Fotoğraf: Salih Üstündağ

Kayhan Berkin

Tabii burada Çehov’dan da bahsetmek gerekiyor galiba. Ferdi’nin söylediği şeyler olurken bir yandan da Bursa Şehir Tiyatrosu için Çehov’un Üç Kız Kardeş’i üzerinde çalışıyorduk.

Ben, Ferdi (dramaturg) ve Merve Yörük (dekor tasarım) hem oyunu, yazarı anlamaya çalışıyor hem de metni yeni bir gözle görmeye gayret ediyorduk.

Ferdi’nin yazmaya çalıştığı şeye baktıkça bazen bu fikre ısınıyor bazen de amaçladığımız şeyi yeterince dürüst ele alamadığımızı fark ediyordum.

Bir provadan sonra Ferdi’ye açıkçası festival için yazdığın oyunun meselesinden çok ben, sen ve Noyan’ın tiyatro üzerine konuşmalarımız daha çok ilgimi çekiyor, daha çok heyecanlanıyorum, bunun üzerine bir şey yapmalıyız bence dedim. Dağ yolunda, sucuk ekmek yiyorduk, Bursa’da.

F.Ç

Oyunun yazım süreci gerçek anlamda Bursa seyahatinden sonra başladı aslında. Kayhan’ın bahsettiği tiyatro üzerine sohbetler oyunun açılışındaki “tiyatro üzerine düşünceler” bölümünü tetikledi. “Tiyatro bir hapishanedir… Alt tarafı dört duvar, bir nevi yaşadığımız dünyanın sonu.” ile başlıyor oyun ve Çehov ile aramdaki farklardan bahsedeyim diye ilerliyor. Bu başlangıç, oyundaki yazar karakterinin Çehov’dan Brecht’e kendi tiyatro dilini arayışı ya da bulamayışının itirafı gibi oldu biraz. Sonrasında itiraf yerini yas, kayıplar ve geçmişin hayaletleri üzerine bir öyküye bıraktı. 

Noyan Ayturan

Ferdi’nin metinleri -kendisi her ne kadar “sahneleneceğini bilen öyküler” olarak tanımlasa da- bana göre imgesel anlatımın çok yoğun olduğu, uzun monologlar halinde ilerleyen şiirsel öyküler. Nasıl bir atmosferin içinde nasıl bir his yaratmak istediğini çok iyi biliyor ve esinlendiği şeylerden yola çıkarak bir dünya kuruyor. Bu dünya, insanlar ve olaylardan ziyade imgelerle dolu: Porselen tabakların üzerinde gezinen işgalci yengeçler, kristal kadehlerin arasında yürüyen tavus kuşları, Tanrı Bey’in adasında uçan martılar…

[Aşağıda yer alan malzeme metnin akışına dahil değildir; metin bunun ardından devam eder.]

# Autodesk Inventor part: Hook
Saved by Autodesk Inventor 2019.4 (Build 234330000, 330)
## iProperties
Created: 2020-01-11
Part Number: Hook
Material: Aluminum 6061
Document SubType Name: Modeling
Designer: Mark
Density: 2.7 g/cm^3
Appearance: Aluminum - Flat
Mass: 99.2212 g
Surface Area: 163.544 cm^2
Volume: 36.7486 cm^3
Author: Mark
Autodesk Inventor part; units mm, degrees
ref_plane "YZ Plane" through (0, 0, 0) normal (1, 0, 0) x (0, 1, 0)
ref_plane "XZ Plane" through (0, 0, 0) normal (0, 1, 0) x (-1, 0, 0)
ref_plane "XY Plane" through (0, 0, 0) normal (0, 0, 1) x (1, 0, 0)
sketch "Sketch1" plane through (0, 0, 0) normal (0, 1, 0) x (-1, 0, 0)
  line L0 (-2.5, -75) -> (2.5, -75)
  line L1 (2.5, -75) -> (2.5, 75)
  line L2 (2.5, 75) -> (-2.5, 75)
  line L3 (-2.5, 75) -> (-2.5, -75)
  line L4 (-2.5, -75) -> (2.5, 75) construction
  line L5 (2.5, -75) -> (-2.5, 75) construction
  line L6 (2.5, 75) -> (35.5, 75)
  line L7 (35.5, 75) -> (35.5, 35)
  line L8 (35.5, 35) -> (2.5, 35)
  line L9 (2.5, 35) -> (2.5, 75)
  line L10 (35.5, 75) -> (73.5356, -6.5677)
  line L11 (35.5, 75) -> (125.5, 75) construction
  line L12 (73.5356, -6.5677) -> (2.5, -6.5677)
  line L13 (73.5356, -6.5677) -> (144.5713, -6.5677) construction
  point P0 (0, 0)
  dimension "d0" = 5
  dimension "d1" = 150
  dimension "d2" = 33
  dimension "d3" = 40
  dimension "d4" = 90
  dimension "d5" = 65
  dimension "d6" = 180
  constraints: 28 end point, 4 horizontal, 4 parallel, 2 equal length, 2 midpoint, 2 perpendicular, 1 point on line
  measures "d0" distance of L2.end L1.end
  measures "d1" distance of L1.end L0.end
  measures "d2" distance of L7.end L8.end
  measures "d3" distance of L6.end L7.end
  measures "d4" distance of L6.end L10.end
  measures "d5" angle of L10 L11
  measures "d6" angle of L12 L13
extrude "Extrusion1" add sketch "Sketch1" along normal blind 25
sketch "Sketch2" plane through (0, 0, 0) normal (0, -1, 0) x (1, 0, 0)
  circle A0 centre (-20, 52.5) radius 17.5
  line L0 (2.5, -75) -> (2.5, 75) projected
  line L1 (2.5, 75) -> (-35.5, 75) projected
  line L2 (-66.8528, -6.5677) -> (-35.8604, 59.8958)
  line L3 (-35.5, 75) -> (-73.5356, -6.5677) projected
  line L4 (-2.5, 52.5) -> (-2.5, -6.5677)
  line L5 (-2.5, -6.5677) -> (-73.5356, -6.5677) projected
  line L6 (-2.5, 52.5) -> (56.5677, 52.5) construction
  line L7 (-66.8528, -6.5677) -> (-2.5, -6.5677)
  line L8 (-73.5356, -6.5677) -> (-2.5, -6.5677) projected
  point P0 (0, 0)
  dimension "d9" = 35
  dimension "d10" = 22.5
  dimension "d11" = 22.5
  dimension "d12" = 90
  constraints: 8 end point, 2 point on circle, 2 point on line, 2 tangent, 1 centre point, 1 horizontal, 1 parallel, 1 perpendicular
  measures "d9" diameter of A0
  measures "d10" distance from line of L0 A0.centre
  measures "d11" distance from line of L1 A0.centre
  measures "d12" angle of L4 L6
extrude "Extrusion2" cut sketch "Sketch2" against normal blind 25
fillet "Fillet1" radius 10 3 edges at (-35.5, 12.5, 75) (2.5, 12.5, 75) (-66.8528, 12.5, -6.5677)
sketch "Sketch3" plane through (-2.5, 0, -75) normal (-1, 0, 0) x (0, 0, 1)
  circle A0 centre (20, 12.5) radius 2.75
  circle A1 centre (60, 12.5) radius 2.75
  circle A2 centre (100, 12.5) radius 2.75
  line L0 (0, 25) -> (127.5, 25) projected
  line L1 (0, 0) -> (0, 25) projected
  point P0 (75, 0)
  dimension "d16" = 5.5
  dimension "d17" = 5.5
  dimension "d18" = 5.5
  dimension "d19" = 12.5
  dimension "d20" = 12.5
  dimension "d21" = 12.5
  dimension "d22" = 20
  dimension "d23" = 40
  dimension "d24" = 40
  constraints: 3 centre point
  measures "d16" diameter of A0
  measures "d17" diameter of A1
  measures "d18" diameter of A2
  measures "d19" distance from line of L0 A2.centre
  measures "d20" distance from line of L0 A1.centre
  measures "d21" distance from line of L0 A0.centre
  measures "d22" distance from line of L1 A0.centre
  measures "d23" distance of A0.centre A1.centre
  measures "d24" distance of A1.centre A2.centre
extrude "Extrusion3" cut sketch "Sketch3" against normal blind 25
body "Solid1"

Bu projede üçümüz birlikte çalışmaya karar verdikten sonra Kayhan’la ilk işimiz Ferdi’nin öyküsündeki karakter ve ilişkilere odaklanmak oldu. Ulaşmak istediğimiz hissiyatı öyküden alabiliyorduk ancak imgeleri kristalize etmemiz gerekiyordu. Bu yüzden Ferdi’den diyalog yazmasını istedik. Biz yaptığı şeyin sürekli tam tersini önerirken Ferdi hem bizim tavsiyelerimizi dinledi hem de kendi dilinden ödün vermeden hepimizin ikna olabildiği bir metin çıkarmayı başardı.

F.Ç

Güzelliğin ve zarafetin geçiciliği idi beni ilgilendiren meselelerden bir diğeri. İstanbul’da yaşanan dönüşüm meselesi geliyor ardından. Yerinden edilenler, yerini kaybedenler ve bu şehirde var olma çabası. Nişantaşı özelinde el almak istedim bu meseleyi. “Bu şehirde varlığımız bir pazarlık konusu artık” konuyu benim için en iyi özetleyen cümledir. Yukarıda da bahsettiğim gibi tüm bu vahşiliği dönüşen bir Nişantaşı apartmanı üzerinden gözlemleyen bir yazar karakteri oldu oyunun başlangıç noktası. Fakat yazar pasif bir şekilde gözlemlemenin ötesinde bu yerinden edilme oyununda kendi sıkışmışlığını da yaşıyor. Bu sebepten ilk çatışma yazarın yerini kaybetmesiyle ilgili yaşadığı endişeden doğuyor. Bu bir nevi benim, yazar olarak oyunun içinde konumlanmamı da beraberinde getirdi. Her gün kapısının önünden geçtiğim kapı komşumun evinin dağılışını izledim. Önce eşyalarıyla birlikte kiraya vermeyi denediler evlerini, olmadı, sonrasında eşyaların tek tek yerinden edilme süreci başladı. Çöp konteynırının yanına konulan eşyalardan birkaçını almayı başardım. Bir tablo vardı duvarda, bir manzara tablosu, onu da almak istedim ama olmadı. Oyunda da yer alıyor bu eşyalar. Aslında oyunun bir sergi mekânına yerleşmesi fikrini destekleyen bir başlangıç oldu bu. Bir sergi salonu ile bir evin salonu arasında uzanan mekân oldu oyunun mekânı. İşte bu sebepten bir dönemin ışıltısını yaşayan eşyaların çöp konteynırlarının yanına atılması bugüne dair görüntü gibi geliyor bana. Tıpkı yanan yakılan ormanların, alevlerden kurtulan hayvanların görüntülerini televizyondan izler gibi pencereden izlediğim görüntüler. Gerçek ile kurduğum ikinci ilişki… İlkinden bahsetmiştim. 

Fotoğraf: Salih Üstündağ

K.B

Ferdi bir yandan yeni draftlar yazıp yazdığı draftları bize okutturuyor bir yandan da metninin bizim tarafımızdan her yandan yaylım ateşine tutulmasına karşı sağlam çıkıp yeni öneriler getiriyordu, ortaya atılan her fikir her üçümüzü de geçmek zorundaydı.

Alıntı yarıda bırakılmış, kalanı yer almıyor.